• [Brief]
Would you filter these records and copy every line that has the word "True"?

• [Extracted records]
───

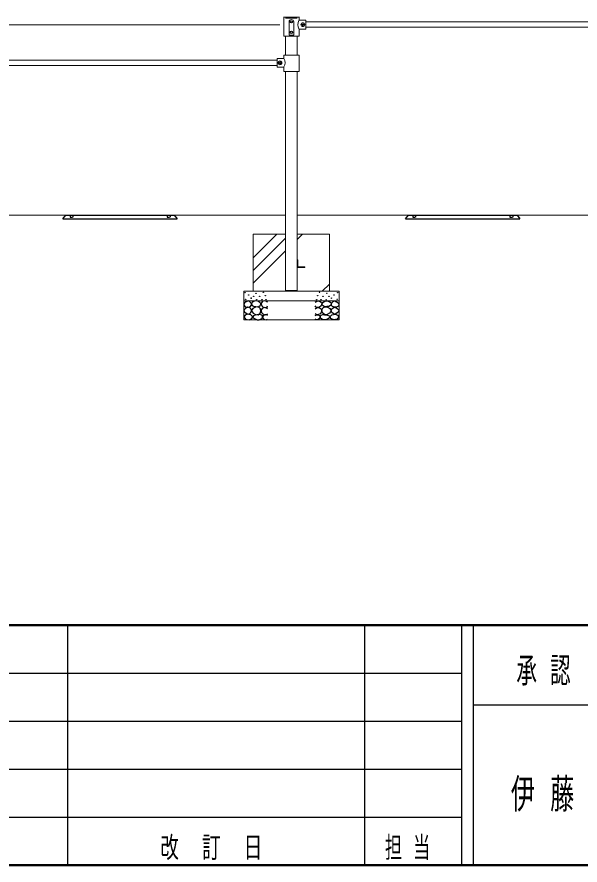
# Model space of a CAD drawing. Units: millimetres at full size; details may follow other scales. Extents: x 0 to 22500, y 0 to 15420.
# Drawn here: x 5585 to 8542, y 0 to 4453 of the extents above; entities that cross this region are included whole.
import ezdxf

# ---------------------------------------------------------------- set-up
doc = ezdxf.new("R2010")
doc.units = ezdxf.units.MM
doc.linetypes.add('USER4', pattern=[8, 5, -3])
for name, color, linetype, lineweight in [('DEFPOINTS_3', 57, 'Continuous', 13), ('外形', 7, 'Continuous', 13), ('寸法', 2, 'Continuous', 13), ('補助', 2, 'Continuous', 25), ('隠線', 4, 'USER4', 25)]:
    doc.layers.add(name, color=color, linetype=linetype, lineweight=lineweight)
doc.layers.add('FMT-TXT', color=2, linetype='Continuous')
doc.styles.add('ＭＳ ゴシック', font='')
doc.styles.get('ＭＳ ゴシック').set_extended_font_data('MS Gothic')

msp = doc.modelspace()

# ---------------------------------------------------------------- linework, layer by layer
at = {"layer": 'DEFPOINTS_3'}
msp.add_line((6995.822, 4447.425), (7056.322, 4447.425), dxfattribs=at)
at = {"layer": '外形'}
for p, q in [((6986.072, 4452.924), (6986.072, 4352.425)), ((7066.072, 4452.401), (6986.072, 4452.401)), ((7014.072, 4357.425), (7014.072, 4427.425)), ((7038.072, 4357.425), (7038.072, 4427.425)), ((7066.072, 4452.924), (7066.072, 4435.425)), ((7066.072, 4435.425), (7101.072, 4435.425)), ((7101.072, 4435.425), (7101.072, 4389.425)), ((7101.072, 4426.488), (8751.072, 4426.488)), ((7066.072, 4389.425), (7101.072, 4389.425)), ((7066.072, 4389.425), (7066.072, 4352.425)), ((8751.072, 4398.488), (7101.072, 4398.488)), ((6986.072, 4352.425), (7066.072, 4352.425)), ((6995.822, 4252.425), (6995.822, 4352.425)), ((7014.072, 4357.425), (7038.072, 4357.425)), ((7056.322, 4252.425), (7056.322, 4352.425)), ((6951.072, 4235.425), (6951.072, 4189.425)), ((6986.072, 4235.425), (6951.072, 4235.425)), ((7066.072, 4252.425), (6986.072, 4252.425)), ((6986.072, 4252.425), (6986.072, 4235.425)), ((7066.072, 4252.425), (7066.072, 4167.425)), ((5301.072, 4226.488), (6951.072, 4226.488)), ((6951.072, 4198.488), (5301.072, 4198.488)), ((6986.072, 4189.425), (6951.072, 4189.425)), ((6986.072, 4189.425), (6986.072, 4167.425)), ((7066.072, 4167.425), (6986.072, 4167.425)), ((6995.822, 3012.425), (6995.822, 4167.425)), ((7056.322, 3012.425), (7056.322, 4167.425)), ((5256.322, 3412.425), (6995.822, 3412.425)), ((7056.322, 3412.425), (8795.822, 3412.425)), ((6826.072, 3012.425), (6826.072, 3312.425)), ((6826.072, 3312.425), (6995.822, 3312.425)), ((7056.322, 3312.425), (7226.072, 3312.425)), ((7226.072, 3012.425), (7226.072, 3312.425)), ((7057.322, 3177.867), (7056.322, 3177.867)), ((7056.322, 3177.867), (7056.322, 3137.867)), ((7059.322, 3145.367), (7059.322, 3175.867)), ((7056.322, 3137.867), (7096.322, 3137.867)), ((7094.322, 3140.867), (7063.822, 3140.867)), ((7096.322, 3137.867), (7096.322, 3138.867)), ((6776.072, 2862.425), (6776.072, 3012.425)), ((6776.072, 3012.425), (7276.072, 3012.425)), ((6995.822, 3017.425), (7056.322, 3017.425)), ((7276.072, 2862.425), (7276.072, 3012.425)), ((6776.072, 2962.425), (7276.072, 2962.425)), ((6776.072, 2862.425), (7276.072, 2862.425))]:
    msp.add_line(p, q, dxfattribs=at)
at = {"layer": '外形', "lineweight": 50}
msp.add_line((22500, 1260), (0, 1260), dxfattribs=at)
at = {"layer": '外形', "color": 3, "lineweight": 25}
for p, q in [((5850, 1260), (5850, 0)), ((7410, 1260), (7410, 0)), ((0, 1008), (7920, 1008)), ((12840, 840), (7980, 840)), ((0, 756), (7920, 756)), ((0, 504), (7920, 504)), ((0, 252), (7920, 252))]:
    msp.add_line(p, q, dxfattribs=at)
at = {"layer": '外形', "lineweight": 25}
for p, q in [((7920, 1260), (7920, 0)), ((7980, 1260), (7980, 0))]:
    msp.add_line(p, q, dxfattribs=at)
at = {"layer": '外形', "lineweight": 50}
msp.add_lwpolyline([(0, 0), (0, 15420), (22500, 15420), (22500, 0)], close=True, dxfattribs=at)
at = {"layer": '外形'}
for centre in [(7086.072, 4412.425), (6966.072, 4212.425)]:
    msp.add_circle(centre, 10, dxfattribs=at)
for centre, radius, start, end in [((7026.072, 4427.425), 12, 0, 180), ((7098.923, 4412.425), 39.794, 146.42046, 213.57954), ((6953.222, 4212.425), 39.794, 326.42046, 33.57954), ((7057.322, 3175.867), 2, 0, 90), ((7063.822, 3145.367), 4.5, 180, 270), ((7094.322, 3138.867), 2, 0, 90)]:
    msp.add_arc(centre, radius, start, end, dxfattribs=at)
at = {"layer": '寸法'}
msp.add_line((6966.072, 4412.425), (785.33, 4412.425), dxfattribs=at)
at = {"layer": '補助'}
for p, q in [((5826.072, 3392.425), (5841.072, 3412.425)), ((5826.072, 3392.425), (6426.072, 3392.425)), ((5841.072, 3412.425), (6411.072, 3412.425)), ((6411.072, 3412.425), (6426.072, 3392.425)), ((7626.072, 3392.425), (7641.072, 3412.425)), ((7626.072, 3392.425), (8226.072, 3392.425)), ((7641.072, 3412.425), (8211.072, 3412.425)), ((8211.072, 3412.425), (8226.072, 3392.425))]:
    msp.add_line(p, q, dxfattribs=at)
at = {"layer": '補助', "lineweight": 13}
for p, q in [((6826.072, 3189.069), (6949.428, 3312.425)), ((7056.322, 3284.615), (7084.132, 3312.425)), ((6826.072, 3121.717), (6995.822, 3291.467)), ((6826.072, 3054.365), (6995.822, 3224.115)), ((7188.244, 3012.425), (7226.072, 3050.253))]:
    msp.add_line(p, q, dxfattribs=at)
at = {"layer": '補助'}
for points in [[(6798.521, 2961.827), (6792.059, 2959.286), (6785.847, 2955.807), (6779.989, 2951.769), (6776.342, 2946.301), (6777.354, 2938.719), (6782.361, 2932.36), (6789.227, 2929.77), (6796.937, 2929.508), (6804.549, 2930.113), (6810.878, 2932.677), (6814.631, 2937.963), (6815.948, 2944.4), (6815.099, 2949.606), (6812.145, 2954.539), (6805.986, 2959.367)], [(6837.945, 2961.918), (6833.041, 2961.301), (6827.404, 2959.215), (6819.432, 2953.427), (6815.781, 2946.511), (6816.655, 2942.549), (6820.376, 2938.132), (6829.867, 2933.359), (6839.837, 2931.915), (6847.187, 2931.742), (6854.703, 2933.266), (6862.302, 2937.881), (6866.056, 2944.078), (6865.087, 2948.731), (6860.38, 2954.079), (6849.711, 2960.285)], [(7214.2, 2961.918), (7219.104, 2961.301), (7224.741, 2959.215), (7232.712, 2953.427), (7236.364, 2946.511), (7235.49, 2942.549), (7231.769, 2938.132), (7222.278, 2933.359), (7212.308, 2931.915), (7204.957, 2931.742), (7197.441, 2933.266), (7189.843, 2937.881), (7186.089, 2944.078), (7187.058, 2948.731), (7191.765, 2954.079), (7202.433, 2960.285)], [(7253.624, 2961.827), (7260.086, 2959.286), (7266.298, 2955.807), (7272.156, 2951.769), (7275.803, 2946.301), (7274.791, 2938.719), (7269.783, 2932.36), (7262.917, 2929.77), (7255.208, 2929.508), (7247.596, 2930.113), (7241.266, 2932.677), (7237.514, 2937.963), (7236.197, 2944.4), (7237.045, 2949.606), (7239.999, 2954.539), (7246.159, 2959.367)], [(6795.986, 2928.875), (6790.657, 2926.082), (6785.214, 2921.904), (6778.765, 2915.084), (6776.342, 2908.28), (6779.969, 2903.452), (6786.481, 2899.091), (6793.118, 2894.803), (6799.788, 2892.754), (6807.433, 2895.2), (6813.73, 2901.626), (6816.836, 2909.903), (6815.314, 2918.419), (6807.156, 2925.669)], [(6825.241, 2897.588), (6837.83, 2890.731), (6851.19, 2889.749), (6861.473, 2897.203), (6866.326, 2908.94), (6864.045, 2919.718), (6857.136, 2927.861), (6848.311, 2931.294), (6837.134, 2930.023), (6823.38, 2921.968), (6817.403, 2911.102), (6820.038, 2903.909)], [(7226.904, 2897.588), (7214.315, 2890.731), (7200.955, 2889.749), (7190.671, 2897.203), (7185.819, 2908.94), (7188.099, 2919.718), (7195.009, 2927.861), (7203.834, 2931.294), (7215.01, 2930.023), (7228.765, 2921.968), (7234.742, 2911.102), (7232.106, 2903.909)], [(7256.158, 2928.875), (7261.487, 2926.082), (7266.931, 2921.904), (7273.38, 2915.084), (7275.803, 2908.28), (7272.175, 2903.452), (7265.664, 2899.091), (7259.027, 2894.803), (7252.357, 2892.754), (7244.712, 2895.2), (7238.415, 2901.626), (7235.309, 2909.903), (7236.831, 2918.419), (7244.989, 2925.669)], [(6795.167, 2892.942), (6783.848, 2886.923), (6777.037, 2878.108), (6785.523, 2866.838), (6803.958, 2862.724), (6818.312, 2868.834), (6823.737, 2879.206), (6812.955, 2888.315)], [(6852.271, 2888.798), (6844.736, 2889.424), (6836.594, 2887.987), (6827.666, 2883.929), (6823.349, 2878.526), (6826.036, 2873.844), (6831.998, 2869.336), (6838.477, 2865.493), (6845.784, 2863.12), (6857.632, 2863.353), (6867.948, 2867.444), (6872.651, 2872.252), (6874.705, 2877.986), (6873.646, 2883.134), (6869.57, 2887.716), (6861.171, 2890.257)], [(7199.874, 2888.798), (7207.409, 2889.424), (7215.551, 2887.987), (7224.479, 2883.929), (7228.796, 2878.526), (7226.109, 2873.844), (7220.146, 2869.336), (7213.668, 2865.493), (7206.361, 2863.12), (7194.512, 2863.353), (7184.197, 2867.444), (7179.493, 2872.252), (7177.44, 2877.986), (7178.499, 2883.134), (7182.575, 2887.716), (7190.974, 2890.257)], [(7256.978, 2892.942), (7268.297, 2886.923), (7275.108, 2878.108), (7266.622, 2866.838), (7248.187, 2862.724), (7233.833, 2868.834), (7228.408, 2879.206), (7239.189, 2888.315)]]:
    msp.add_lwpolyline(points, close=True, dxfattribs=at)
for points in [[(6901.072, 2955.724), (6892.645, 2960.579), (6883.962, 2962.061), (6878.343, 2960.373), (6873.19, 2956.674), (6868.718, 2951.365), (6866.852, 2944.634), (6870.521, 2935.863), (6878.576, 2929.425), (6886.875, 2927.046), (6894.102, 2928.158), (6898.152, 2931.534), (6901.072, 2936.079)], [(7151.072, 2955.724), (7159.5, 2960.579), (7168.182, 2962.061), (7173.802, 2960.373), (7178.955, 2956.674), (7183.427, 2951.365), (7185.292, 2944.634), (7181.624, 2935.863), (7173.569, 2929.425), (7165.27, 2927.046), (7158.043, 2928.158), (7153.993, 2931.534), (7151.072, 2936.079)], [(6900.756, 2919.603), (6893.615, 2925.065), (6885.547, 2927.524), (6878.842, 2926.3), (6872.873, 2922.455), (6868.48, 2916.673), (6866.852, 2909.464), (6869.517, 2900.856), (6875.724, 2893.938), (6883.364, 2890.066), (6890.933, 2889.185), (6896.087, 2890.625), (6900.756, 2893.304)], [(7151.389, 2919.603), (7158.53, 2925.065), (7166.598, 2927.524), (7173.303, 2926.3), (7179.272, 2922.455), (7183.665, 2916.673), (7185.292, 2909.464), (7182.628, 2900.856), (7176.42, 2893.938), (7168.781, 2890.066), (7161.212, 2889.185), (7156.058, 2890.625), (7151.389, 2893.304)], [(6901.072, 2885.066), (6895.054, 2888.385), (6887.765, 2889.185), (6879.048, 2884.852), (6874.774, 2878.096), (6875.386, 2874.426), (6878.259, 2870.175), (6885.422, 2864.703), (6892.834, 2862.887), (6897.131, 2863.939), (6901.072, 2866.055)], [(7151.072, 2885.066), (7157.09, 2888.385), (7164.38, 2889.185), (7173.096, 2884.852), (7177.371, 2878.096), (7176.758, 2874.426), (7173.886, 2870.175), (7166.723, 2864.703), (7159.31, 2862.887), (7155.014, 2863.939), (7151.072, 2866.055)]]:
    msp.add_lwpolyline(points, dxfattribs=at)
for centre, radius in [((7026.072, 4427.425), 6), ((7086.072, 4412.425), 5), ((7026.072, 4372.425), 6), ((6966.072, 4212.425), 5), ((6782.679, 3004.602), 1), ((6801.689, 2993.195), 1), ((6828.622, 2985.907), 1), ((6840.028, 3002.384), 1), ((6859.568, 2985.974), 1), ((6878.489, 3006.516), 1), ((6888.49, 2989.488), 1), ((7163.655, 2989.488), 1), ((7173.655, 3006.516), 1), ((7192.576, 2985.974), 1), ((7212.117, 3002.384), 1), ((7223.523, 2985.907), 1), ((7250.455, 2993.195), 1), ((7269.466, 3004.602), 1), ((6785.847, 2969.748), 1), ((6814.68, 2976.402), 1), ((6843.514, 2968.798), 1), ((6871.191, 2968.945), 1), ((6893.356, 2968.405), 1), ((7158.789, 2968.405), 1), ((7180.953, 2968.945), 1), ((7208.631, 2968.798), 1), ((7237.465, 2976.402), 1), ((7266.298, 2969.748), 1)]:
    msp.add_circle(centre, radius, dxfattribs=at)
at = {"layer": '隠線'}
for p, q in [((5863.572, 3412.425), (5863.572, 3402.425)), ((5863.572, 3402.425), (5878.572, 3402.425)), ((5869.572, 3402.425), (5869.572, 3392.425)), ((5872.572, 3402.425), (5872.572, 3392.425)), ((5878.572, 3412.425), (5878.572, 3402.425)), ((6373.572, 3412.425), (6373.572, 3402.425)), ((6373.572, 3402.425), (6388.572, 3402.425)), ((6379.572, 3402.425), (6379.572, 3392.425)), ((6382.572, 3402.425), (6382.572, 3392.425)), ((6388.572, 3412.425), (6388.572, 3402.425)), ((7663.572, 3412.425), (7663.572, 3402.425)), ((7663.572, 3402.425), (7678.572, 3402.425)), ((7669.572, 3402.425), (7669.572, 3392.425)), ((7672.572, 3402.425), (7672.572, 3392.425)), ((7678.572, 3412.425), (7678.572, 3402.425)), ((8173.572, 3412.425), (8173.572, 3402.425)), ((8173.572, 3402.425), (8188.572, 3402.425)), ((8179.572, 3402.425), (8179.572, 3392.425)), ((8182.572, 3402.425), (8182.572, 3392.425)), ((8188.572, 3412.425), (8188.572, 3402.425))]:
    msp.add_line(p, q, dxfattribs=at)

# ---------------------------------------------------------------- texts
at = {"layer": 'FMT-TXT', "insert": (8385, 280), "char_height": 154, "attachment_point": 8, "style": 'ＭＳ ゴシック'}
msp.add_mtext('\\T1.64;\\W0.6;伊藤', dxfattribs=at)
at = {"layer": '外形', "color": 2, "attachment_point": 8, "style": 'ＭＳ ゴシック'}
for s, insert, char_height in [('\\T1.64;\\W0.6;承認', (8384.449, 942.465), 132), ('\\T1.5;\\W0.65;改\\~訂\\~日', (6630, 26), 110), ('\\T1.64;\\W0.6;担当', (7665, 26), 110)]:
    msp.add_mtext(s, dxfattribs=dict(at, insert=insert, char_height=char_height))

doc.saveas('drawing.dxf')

───

• [Solution for this exercise]
msp.add_lwpolyline([(0, 0), (0, 15420), (22500, 15420), (22500, 0)], close=True, dxfattribs=at)
    msp.add_lwpolyline(points, close=True, dxfattribs=at)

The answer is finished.